*What you need to do*: Find the lines below holding the word "added" and copy each of them.

*Records shown*:
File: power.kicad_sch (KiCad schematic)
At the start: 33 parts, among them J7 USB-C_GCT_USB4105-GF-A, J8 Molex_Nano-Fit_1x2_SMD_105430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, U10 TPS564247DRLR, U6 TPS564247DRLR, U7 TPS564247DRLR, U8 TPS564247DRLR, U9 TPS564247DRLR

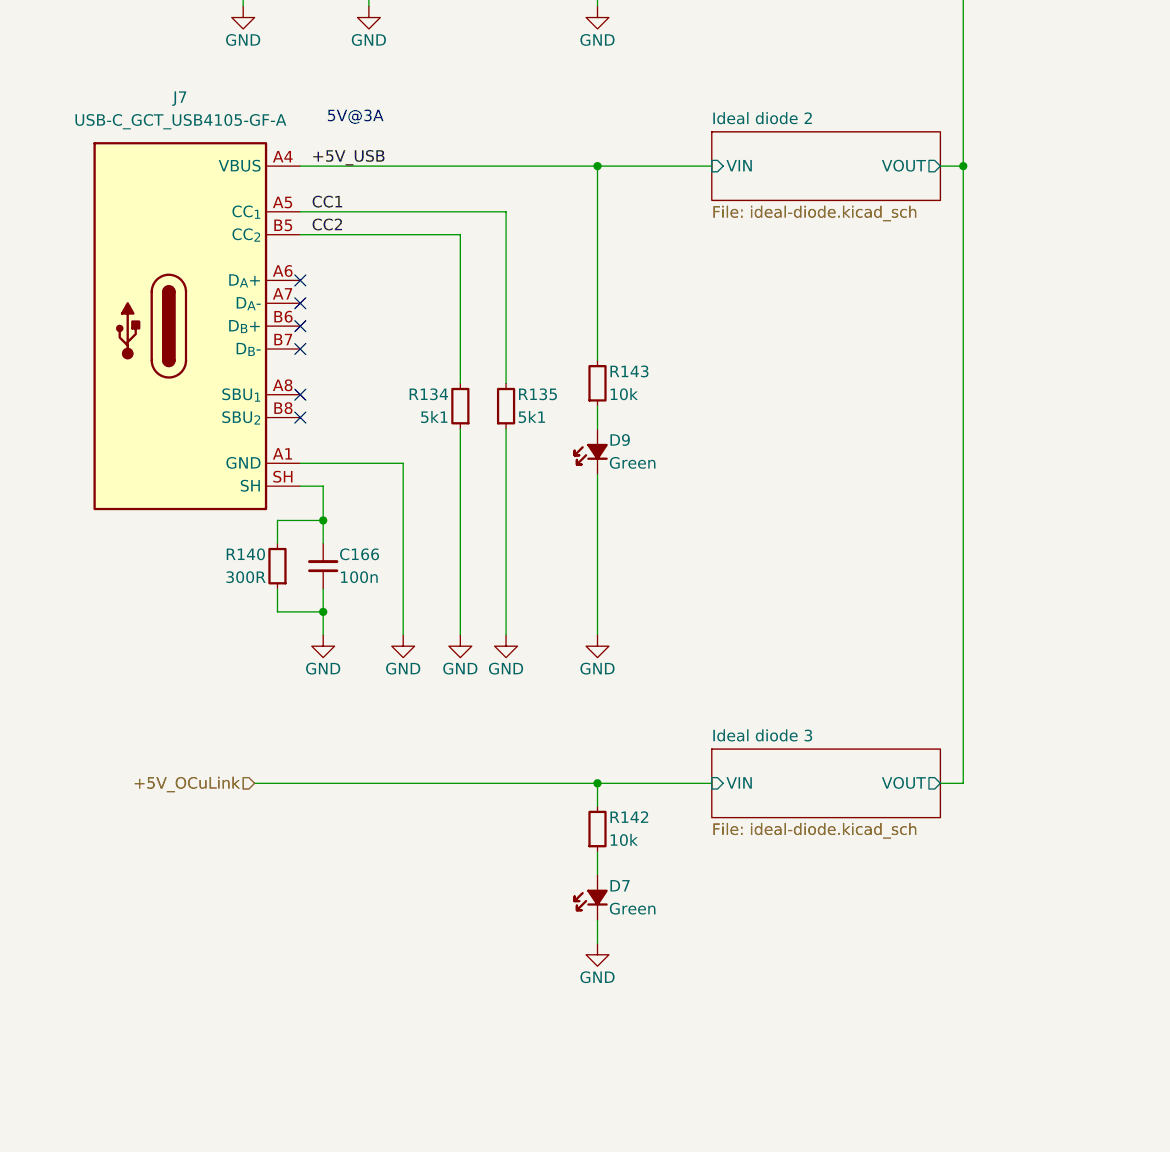
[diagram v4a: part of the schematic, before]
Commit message: [#80813] Remove OCuLink power pins connections
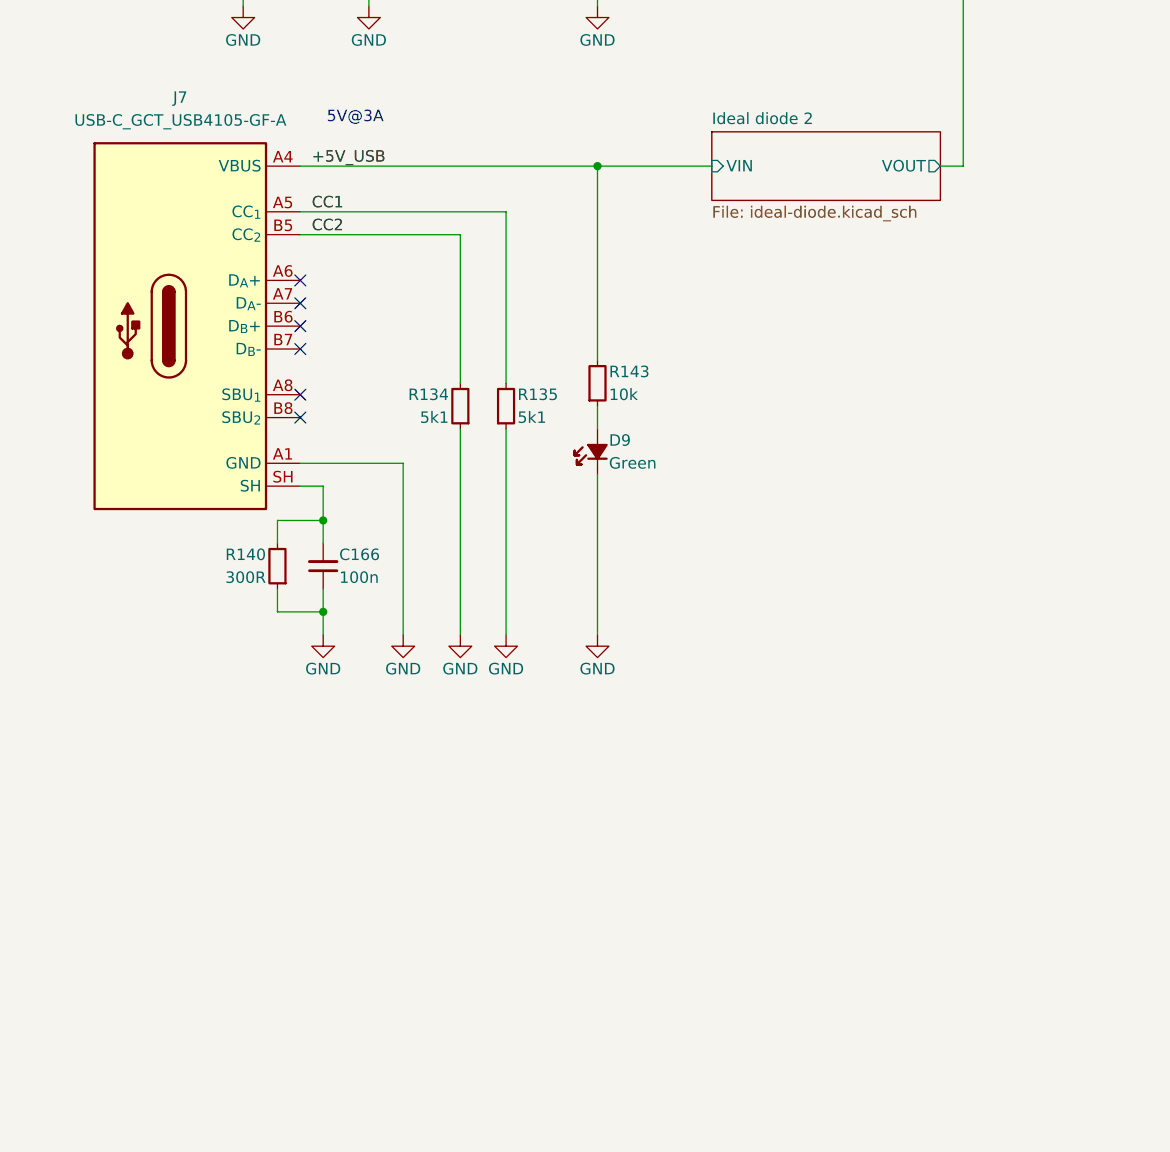
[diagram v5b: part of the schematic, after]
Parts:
- removed D7: LED_G_0603_LG_L29K-G2J1-24-Z, antmicro-footprints:LED_0603_1608Metric_G, symbol antmicroLEDIndicationDiscrete:LED_G_0603_LG_L29K-G2J1-24-Z
- removed R142: R_10k_0402, antmicro-footprints:R_0402_1005Metric, symbol antmicroResistors0402:R_10k_0402
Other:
- removed sheet Ideal diode 3

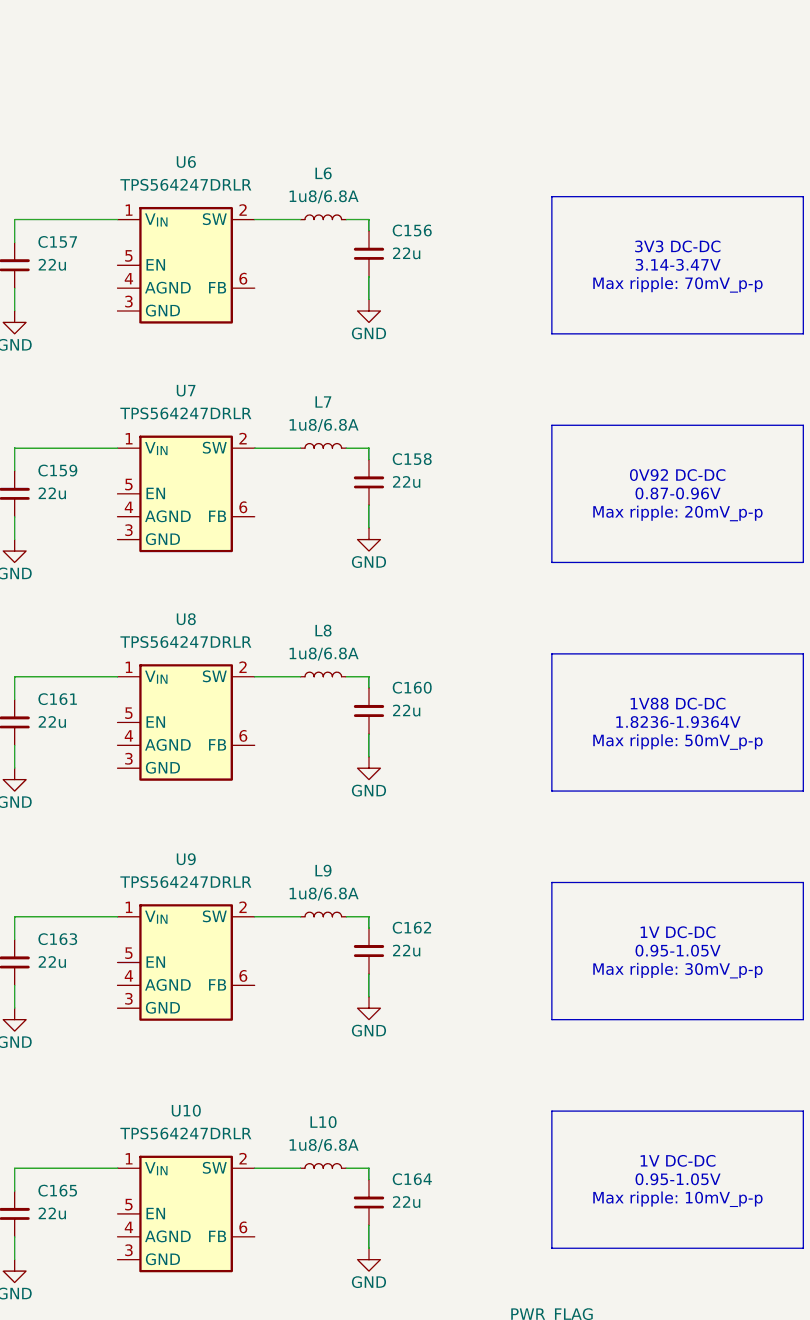
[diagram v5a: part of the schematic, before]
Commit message: [#80813] Change inductors, minor PCB changes
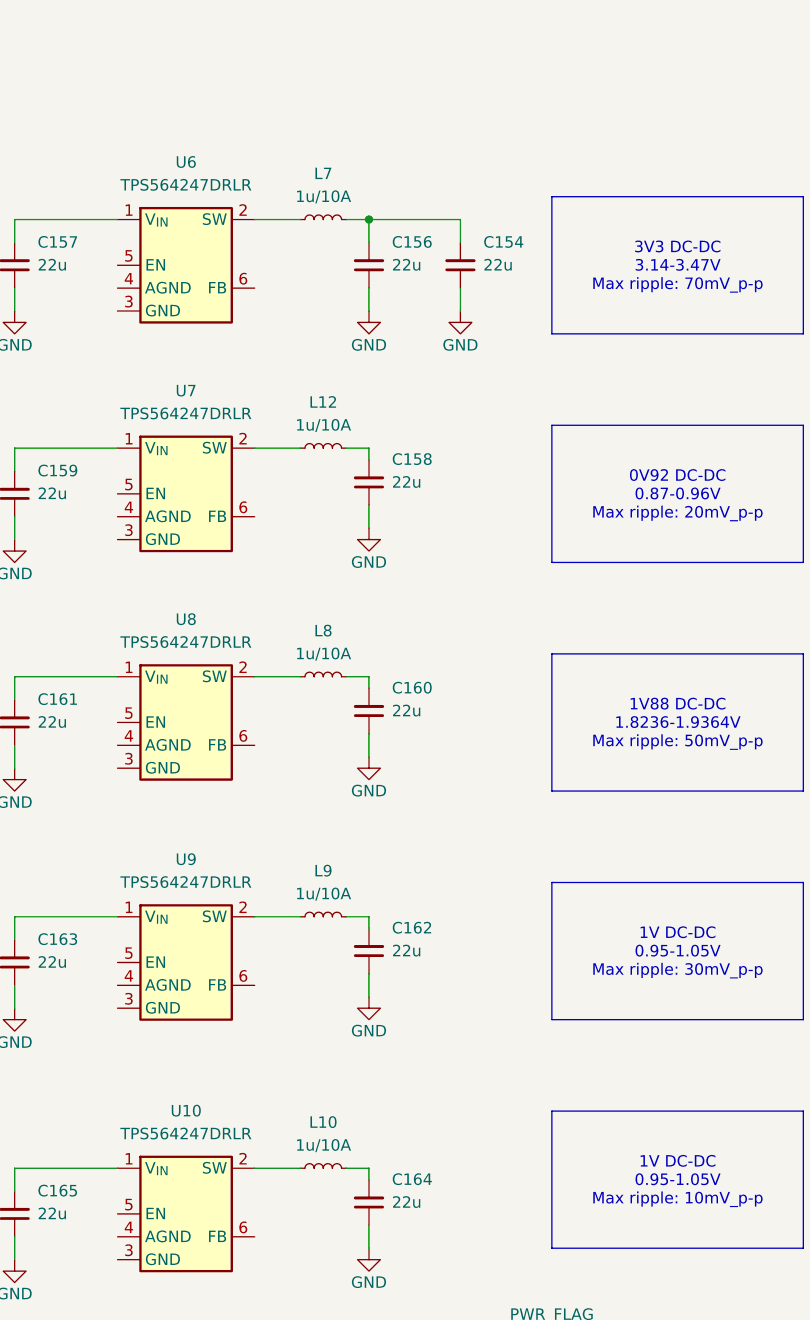
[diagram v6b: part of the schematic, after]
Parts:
- removed L10, L6, L7, L8, L9: L_1u8_6.8A_WE-MAPI-4020, antmicro-footprints:L_WE-MAPI-4020, symbol antmicroFixedInductors:L_1u8_6.8A_WE-MAPI-4020
- added C154: C_22u_16V_0603, antmicro-footprints:C_0603_1608Metric, symbol antmicroCapacitors0603:C_22u_16V_0603
- added L10, L12, L7, L8, L9: L_1u_10A_Bourns-SRP4021HMT, antmicro-footprints:L_Bourns-SRP4021HMT, symbol antmicroFixedInductors:L_1u_10A_Bourns-SRP4021HMT
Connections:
- net GND: now also C154.1
- net at C156.2: now also C154.2, L7.2
- net at C162.2: now also L9.2
- net at U10.2 (SW): now also L10.1
- net at U8.2 (SW): now also L8.1
- net at C160.2: now also L8.2
- net at U6.2 (SW): now also L7.1
- net at U7.2 (SW): now also L12.1
- net at U9.2 (SW): now also L9.1
- net at C158.2: now also L12.2
- net at C164.2: now also L10.2
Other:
- moved on the sheet: C156

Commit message: [#81595] Update symbols from library
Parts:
- C154, C156, C157, C158, C159, C160, C161, C162, C163, C164, C165: footprint antmicro-footprints:C_0603_1608Metric -> antmicro-footprints:C_0603_1608Metric_EIA
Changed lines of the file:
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@@
 			)
 		)
-		(property "Footprint" "antmicro-footprints:C_0603_1608Metric"
+		(property "Footprint" "antmicro-footprints:C_0603_1608Metric_EIA"
 			(at 309.88 82.55 0)
 			(effects
@@
 			)
 		)
-		(property "Description" ""
+		(property "Description" "SMD Multilayer Ceramic Capacitor"
 			(at 297.18 102.87 0)
 			(effects
@@
 			)
 		)
-		(property "Footprint" "antmicro-footprints:C_0603_1608Metric"
+		(property "Footprint" "antmicro-footprints:C_0603_1608Metric_EIA"
 			(at 309.88 158.75 0)
 			(effects
@@
 			)
 		)
-		(property "Description" ""
+		(property "Description" "SMD Multilayer Ceramic Capacitor"
 			(at 297.18 179.07 0)
 			(effects
@@
 			)
 		)
-		(property "Datasheet" "https://www.mouser.pl/datasheet/2/54/Bourns_04_01_2025_SRP4021HMT_Datasheet-3580094.pdf"
+		(property "Datasheet" "https://www.mouser.com/datasheet/2/54/Bourns_04_01_2025_SRP4021HMT_Datasheet-3580094.pdf"
 			(at 304.8 187.96 0)
 			(effects
@@
 			)
 		)
-		(property "Datasheet" "https://www.mouser.pl/datasheet/2/54/Bourns_04_01_2025_SRP4021HMT_Datasheet-3580094.pdf"
+		(property "Datasheet" "https://www.mouser.com/datasheet/2/54/Bourns_04_01_2025_SRP4021HMT_Datasheet-3580094.pdf"
 			(at 304.8 161.29 0)
 			(effects
@@
 			)
 		)
-		(property "Datasheet" "https://www.mouser.pl/datasheet/2/54/Bourns_04_01_2025_SRP4021HMT_Datasheet-3580094.pdf"
+		(property "Datasheet" "https://www.mouser.com/datasheet/2/54/Bourns_04_01_2025_SRP4021HMT_Datasheet-3580094.pdf"
 			(at 304.8 215.9 0)
 			(effects
@@
 			)
 		)
-		(property "Datasheet" "https://www.mouser.pl/datasheet/2/54/Bourns_04_01_2025_SRP4021HMT_Datasheet-3580094.pdf"
+		(property "Datasheet" "https://www.mouser.com/datasheet/2/54/Bourns_04_01_2025_SRP4021HMT_Datasheet-3580094.pdf"
 			(at 304.8 135.89 0)
 			(effects
@@
 			)
 		)
-		(property "Footprint" "antmicro-footprints:C_0603_1608Metric"
+		(property "Footprint" "antmicro-footprints:C_0603_1608Metric_EIA"
 			(at 309.88 132.08 0)
 			(effects
@@
 			)
 		)
-		(property "Description" ""
+		(property "Description" "SMD Multilayer Ceramic Capacitor"
 			(at 297.18 152.4 0)
 			(effects
@@
 			)
 		)
-		(property "Footprint" "antmicro-footprints:C_0603_1608Metric"
+		(property "Footprint" "antmicro-footprints:C_0603_1608Metric_EIA"
 			(at 270.51 107.95 0)
 			(effects
@@
 			)
 		)
-		(property "Description" ""
+		(property "Description" "SMD Multilayer Ceramic Capacitor"
 			(at 257.81 128.27 0)
 			(effects
@@
 			)
 		)
-		(property "Footprint" "antmicro-footprints:C_0603_1608Metric"
+		(property "Footprint" "antmicro-footprints:C_0603_1608Metric_EIA"
 			(at 270.51 187.96 0)
 			(effects
@@
 			)
 		)
-		(property "Description" ""
+		(property "Description" "SMD Multilayer Ceramic Capacitor"
 			(at 257.81 208.28 0)
 			(effects
@@
 			)
 		)
-		(property "Footprint" "antmicro-footprints:C_0603_1608Metric"
+		(property "Footprint" "antmicro-footprints:C_0603_1608Metric_EIA"
 			(at 270.51 133.35 0)
 			(effects
@@
 			)
 		)
-		(property "Description" ""
+		(property "Description" "SMD Multilayer Ceramic Capacitor"
 			(at 257.81 153.67 0)
 			(effects
@@
 			)
 		)
-		(property "Footprint" "antmicro-footprints:C_0603_1608Metric"
+		(property "Footprint" "antmicro-footprints:C_0603_1608Metric_EIA"
 			(at 270.51 82.55 0)
 			(effects
@@
 			)
 		)
-		(property "Description" ""
+		(property "Description" "SMD Multilayer Ceramic Capacitor"
 			(at 257.81 102.87 0)
 			(effects
@@
 			)
 		)
-		(property "Footprint" "antmicro-footprints:C_0603_1608Metric"
+		(property "Footprint" "antmicro-footprints:C_0603_1608Metric_EIA"
 			(at 320.04 82.55 0)
 			(effects
@@
 			)
 		)
-		(property "Description" ""
+		(property "Description" "SMD Multilayer Ceramic Capacitor"
 			(at 307.34 102.87 0)
 			(effects
@@
 			)
 		)
-		(property "Footprint" "antmicro-footprints:C_0603_1608Metric"
+		(property "Footprint" "antmicro-footprints:C_0603_1608Metric_EIA"
 			(at 270.51 160.02 0)
 			(effects
@@
 			)
 		)
-		(property "Description" ""
+		(property "Description" "SMD Multilayer Ceramic Capacitor"
 			(at 257.81 180.34 0)
 			(effects
@@
 			)
 		)
-		(property "Footprint" "antmicro-footprints:C_0603_1608Metric"
+		(property "Footprint" "antmicro-footprints:C_0603_1608Metric_EIA"
 			(at 309.88 106.68 0)
 			(effects
@@
 			)
 		)
-		(property "Description" ""
+		(property "Description" "SMD Multilayer Ceramic Capacitor"
 			(at 297.18 127 0)
 			(effects
@@
 			)
 		)
-		(property "Datasheet" "https://www.mouser.pl/datasheet/2/54/Bourns_04_01_2025_SRP4021HMT_Datasheet-3580094.pdf"
+		(property "Datasheet" "https://www.mouser.com/datasheet/2/54/Bourns_04_01_2025_SRP4021HMT_Datasheet-3580094.pdf"
 			(at 304.8 110.49 0)
 			(effects
@@
 			)
 		)
-		(property "Footprint" "antmicro-footprints:C_0603_1608Metric"
+		(property "Footprint" "antmicro-footprints:C_0603_1608Metric_EIA"
 			(at 309.88 186.69 0)
 			(effects
@@
 			)
 		)
-		(property "Description" ""
+		(property "Description" "SMD Multilayer Ceramic Capacitor"
 			(at 297.18 207.01 0)
 			(effects

*Response area*:
- added C154: C_22u_16V_0603, antmicro-footprints:C_0603_1608Metric, symbol antmicroCapacitors0603:C_22u_16V_0603
- added L10, L12, L7, L8, L9: L_1u_10A_Bourns-SRP4021HMT, antmicro-footprints:L_Bourns-SRP4021HMT, symbol antmicroFixedInductors:L_1u_10A_Bourns-SRP4021HMT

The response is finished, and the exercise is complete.